In BLOOM: Creativity and Affinity in Artificial Lyrics and Art
This work addresses the challenge of evaluating creative outputs from large language models for artists and researchers, though it is incremental in combining existing models for lyric and art generation.
The study applied the BLOOM-176B model to generate Chinese song lyrics, finding that human reviewers rated some machine-generated lyrics as more creative than real ones, while highlighting limitations in computational metrics like MAUVE for evaluating creativity.

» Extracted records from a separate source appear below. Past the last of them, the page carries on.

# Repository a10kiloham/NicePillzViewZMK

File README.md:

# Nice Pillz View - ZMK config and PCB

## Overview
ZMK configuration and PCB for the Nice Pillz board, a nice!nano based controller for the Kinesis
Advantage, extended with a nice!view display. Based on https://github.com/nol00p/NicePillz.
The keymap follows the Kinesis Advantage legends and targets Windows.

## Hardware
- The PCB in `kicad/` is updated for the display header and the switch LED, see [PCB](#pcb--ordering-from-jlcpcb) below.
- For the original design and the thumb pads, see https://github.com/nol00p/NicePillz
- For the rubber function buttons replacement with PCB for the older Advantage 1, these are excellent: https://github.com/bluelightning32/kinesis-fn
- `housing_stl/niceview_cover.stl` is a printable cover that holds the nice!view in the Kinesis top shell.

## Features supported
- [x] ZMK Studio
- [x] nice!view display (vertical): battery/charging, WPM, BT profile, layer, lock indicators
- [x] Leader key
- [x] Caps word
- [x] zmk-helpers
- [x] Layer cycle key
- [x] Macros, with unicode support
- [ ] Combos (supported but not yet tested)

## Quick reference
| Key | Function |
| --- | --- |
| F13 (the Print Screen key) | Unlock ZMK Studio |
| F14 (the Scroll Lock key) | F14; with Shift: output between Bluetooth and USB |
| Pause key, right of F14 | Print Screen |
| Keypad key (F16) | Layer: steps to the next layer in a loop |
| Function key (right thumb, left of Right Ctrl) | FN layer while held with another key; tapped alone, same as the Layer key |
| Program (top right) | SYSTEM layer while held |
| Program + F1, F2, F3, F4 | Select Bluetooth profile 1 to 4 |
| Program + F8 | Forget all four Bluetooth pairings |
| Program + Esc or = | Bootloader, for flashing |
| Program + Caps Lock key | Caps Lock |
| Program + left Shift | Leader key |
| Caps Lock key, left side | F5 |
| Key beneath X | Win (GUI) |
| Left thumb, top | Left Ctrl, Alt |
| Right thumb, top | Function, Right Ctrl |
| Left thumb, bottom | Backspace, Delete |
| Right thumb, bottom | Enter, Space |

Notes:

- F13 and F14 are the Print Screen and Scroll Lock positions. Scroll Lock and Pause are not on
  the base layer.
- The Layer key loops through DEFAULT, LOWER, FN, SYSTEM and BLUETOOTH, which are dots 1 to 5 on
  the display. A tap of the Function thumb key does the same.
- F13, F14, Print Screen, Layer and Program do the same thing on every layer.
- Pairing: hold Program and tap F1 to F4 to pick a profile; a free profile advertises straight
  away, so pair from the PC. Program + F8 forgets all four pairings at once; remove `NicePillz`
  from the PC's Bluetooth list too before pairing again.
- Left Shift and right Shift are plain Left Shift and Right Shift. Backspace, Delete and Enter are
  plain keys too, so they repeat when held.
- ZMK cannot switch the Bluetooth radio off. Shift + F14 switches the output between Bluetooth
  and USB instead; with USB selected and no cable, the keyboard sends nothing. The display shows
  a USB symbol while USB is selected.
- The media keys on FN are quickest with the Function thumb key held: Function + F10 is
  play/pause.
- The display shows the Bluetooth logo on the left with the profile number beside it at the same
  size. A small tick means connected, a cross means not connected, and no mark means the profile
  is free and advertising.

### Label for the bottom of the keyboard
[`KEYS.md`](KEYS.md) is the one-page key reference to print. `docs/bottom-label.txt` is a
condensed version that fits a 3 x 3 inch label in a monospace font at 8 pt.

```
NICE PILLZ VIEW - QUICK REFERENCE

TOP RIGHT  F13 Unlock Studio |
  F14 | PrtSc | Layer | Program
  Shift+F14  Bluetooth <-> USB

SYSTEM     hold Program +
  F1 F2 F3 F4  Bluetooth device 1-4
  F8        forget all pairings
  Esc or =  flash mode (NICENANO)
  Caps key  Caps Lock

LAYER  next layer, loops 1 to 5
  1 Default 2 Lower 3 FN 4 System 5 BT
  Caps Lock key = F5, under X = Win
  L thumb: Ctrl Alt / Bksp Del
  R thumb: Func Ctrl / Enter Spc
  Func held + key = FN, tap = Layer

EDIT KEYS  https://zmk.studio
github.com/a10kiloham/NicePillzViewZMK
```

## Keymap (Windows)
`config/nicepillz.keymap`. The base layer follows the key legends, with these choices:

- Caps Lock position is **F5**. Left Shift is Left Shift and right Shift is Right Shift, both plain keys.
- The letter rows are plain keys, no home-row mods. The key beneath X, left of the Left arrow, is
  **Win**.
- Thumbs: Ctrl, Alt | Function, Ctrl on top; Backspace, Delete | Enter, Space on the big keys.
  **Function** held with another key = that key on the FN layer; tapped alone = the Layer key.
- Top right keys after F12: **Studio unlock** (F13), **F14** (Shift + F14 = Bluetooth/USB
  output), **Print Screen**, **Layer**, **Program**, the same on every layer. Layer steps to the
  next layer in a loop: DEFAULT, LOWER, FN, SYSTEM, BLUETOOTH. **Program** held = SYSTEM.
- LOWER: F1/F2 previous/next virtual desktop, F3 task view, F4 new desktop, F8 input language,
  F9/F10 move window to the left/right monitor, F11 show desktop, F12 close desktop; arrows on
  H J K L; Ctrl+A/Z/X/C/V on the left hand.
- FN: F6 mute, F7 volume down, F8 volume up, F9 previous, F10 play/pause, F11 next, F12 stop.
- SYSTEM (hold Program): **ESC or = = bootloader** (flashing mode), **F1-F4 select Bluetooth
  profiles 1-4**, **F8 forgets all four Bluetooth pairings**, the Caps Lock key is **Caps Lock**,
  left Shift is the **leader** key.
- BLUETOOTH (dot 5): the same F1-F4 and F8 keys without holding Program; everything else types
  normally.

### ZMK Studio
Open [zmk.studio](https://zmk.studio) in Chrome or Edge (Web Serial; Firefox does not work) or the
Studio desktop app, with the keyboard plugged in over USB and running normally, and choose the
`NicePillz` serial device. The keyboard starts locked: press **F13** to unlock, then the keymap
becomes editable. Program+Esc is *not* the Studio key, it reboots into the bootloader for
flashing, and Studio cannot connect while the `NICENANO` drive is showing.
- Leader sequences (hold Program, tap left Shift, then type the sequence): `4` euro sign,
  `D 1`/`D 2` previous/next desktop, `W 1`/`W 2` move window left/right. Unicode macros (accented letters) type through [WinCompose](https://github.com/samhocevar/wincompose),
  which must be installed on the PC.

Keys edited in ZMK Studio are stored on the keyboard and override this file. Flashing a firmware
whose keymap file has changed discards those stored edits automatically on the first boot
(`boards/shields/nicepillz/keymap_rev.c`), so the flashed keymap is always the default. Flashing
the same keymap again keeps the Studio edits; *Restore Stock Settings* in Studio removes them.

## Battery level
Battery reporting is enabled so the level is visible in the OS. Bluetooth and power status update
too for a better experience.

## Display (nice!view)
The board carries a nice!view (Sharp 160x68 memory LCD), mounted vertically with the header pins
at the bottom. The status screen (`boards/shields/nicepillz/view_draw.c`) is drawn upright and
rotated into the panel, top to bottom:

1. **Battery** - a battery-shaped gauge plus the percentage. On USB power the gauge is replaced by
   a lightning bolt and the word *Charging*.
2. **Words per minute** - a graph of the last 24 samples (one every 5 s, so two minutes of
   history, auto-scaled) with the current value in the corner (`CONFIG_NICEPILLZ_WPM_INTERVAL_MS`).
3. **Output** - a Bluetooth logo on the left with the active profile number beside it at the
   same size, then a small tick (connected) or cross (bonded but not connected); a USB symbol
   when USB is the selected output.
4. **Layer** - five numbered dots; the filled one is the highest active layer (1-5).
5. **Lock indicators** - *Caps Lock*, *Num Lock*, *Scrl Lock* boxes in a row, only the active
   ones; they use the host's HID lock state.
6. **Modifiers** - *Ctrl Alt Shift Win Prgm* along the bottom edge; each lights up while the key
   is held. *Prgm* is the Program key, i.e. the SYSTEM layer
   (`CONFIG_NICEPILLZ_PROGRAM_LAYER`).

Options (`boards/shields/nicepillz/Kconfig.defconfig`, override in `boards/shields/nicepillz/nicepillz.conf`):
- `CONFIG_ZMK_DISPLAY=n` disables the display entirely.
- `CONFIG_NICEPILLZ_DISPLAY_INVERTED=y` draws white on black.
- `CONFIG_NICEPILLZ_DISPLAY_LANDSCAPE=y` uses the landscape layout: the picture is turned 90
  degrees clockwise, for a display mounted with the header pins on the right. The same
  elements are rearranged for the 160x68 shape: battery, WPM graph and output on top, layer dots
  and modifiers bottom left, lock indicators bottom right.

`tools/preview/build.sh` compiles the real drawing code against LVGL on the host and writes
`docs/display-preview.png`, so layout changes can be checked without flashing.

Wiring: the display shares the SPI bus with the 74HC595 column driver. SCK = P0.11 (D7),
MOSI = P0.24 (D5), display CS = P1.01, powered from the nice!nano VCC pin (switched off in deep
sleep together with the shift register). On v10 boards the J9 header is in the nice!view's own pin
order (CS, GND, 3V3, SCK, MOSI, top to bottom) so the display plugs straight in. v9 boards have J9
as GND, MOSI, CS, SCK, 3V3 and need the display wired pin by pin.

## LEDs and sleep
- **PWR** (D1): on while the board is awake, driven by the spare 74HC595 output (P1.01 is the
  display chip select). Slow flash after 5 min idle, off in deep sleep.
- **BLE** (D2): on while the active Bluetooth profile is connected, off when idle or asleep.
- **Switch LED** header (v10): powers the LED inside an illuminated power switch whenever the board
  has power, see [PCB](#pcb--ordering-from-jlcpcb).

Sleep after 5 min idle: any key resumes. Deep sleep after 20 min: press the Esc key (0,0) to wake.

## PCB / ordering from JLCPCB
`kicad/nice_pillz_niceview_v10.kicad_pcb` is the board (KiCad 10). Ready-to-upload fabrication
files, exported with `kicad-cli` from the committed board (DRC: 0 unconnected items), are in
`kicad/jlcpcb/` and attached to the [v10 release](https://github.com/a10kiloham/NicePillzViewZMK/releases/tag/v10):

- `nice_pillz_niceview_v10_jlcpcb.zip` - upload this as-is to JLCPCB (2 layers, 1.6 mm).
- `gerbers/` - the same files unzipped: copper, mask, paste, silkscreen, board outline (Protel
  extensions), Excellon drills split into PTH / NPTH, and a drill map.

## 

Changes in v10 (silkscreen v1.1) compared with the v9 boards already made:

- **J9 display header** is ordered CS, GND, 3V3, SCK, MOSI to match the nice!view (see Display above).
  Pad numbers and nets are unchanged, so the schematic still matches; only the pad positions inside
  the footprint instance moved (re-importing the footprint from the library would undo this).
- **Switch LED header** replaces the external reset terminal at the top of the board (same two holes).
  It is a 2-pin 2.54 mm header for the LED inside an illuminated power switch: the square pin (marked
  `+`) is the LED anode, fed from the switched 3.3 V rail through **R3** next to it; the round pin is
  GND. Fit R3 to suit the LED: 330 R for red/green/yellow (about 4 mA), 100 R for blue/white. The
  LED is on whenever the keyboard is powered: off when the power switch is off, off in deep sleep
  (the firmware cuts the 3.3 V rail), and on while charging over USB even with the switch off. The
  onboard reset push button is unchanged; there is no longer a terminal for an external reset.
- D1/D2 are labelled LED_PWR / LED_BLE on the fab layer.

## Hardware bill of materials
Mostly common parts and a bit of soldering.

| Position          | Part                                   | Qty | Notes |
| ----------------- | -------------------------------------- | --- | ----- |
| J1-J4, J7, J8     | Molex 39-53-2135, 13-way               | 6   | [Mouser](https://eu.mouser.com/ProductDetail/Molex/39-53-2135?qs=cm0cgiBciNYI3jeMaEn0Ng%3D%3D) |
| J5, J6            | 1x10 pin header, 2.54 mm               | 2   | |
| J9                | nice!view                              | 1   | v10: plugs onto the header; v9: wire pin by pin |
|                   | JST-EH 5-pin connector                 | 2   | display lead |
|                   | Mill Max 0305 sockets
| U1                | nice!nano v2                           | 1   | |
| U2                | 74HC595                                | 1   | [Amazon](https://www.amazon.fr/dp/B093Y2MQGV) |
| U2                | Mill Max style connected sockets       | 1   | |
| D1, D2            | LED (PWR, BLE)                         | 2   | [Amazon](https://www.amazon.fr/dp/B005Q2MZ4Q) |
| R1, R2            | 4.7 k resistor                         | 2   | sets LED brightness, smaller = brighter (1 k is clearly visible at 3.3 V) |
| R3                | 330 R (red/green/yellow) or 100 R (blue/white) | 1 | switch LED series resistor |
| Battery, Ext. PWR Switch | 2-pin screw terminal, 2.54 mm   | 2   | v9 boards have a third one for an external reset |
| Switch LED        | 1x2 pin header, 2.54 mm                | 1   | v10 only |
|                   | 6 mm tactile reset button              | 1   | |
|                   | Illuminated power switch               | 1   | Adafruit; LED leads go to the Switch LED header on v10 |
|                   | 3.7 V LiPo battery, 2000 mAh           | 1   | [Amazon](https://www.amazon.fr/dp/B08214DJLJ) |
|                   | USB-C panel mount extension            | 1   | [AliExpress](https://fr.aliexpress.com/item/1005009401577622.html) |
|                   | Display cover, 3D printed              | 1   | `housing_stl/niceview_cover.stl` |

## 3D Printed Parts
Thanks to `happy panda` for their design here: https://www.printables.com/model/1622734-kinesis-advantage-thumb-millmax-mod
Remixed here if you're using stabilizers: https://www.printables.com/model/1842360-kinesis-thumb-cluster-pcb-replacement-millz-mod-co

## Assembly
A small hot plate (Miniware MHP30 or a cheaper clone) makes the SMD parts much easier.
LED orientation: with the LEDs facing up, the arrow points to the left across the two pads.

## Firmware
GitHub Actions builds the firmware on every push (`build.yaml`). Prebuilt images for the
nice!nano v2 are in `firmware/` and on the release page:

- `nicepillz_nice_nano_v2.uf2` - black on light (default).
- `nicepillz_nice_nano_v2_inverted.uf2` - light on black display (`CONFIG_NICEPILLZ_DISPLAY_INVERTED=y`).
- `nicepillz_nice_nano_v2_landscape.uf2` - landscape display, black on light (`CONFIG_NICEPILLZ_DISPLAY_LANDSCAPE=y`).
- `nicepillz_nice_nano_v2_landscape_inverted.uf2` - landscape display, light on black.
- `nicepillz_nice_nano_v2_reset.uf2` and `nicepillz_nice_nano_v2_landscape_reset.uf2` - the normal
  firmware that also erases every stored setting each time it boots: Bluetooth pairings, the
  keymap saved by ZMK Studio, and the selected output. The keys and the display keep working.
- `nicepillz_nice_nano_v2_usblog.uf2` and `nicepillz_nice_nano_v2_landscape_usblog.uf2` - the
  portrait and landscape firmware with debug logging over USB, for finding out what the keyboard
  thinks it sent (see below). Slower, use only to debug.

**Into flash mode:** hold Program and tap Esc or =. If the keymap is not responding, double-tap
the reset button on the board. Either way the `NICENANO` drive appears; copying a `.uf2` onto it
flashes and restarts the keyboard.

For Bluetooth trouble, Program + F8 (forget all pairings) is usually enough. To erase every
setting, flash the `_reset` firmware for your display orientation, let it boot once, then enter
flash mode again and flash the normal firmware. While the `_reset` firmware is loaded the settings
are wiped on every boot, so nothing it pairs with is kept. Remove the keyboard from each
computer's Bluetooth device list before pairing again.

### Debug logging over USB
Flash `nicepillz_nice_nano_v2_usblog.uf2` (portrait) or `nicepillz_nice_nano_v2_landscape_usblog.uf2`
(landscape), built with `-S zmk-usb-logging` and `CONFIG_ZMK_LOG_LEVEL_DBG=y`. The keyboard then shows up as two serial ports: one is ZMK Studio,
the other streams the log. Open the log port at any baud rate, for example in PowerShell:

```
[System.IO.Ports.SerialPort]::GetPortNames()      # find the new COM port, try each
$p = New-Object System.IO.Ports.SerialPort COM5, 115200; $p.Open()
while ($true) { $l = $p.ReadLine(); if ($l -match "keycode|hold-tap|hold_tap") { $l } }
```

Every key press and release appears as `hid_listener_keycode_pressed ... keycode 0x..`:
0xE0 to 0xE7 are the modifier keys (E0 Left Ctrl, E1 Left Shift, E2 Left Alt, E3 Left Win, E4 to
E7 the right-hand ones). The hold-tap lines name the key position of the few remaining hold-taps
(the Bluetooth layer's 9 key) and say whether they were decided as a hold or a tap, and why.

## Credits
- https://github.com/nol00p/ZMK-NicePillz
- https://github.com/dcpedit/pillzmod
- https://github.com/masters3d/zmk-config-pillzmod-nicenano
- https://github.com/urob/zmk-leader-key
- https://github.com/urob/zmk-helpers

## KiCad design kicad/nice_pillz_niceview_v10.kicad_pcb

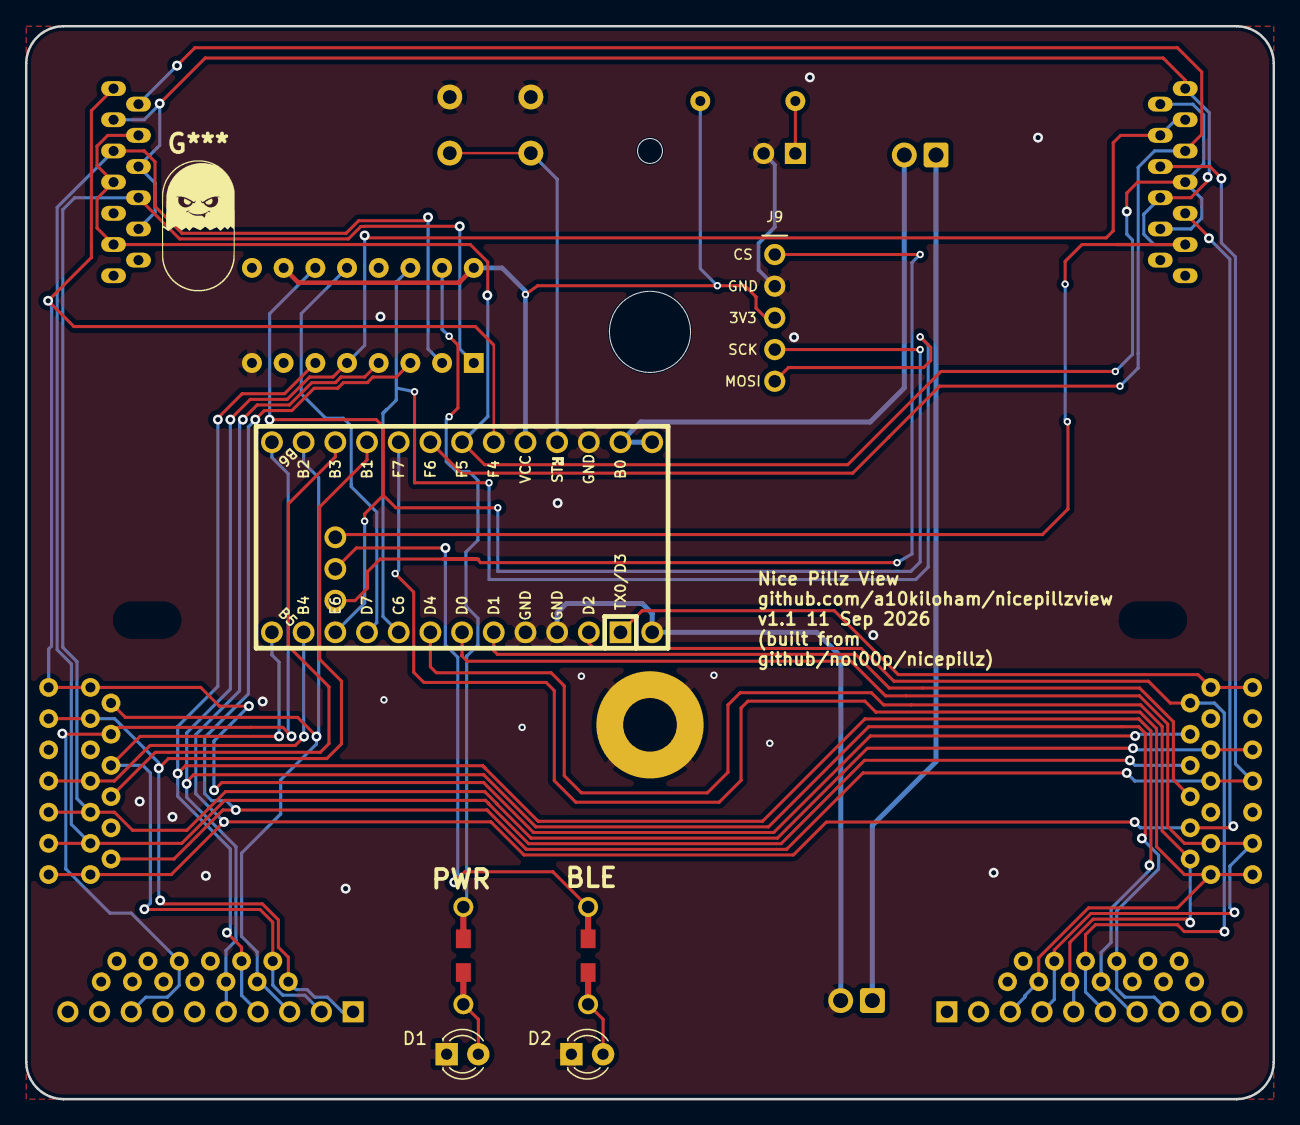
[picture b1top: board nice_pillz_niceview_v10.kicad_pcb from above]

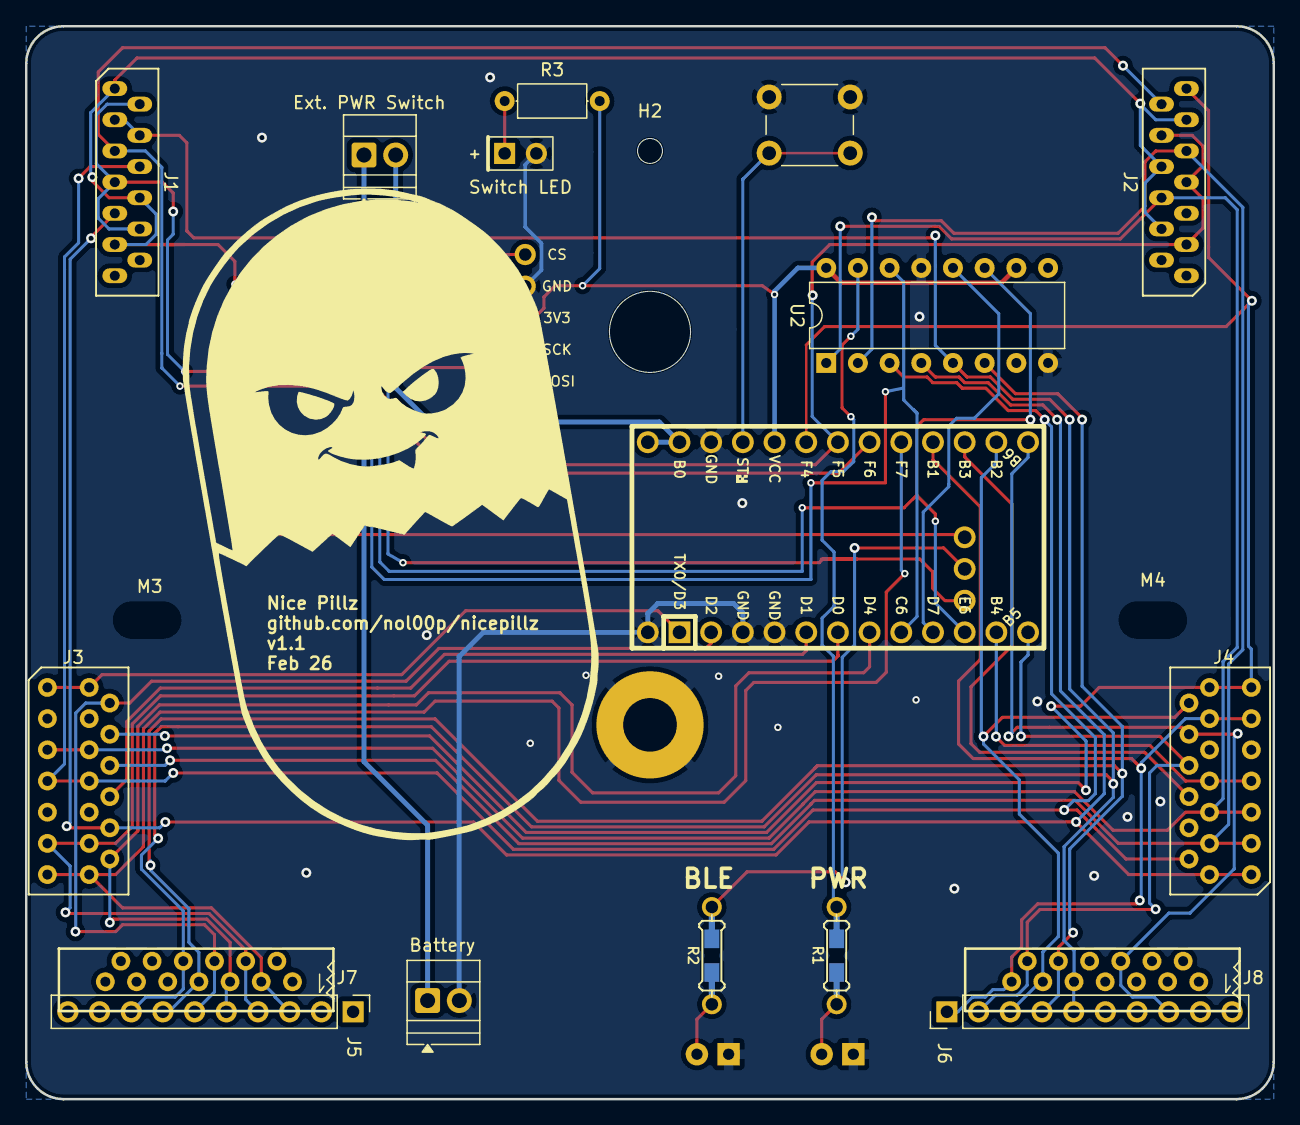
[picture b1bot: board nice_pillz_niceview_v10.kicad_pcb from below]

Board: 2 copper layers, 100.0 x 86.0 mm, 24 parts (20 on the bottom side), 35 nets.

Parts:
Battery: TerminalBlock_Xinya_XY308-2.54-2P_1x02_P2.54mm_Ho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; TerminalBlock_Xinya_XY308-2.54-2P_1x02_P2.54mm_Horizontal
D1: LED_PWR; LED_D3.0mm
D2: LED_BLE; LED_D3.0mm
Ext. PWR Switch: TerminalBlock_Xinya_XY308-2.54-2P_1x02_P2.54mm_Ho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; TerminalBlock_Xinya_XY308-2.54-2P_1x02_P2.54mm_Horizontal
H1: mounting pad; MountingHole_4.3mm_M4_Pad
H2: mounting pad; MountingHole_2mm
J1, J2: Conn_01x13; Molex_0039532135
J3, J4: Conn_01x13; Molex_039532134
J5, J6: Conn_01x10; Pin_Header_Straight_1x10_Pitch2.54mm
J7, J8: Conn_01x13; 39-53-2135
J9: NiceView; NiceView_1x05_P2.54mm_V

We apply a large multilingual language model (BLOOM-176B) in open-ended generation of Chinese song lyrics, and evaluate the resulting lyrics for coherence and creativity using human reviewers. We find that current computational metrics for evaluating large language model outputs (MAUVE) have limitations in evaluation of creative writing. We note that the human concept of creativity requires lyrics to be both comprehensible and distinctive -- and that humans assess certain types of machine-generated lyrics to score more highly than real lyrics by popular artists. Inspired by the inherently multimodal nature of album releases, we leverage a Chinese-language stable diffusion model to produce high-quality lyric-guided album art, demonstrating a creative approach for an artist seeking inspiration for an album or single. Finally, we introduce the MojimLyrics dataset, a Chinese-language dataset of popular song lyrics for future research.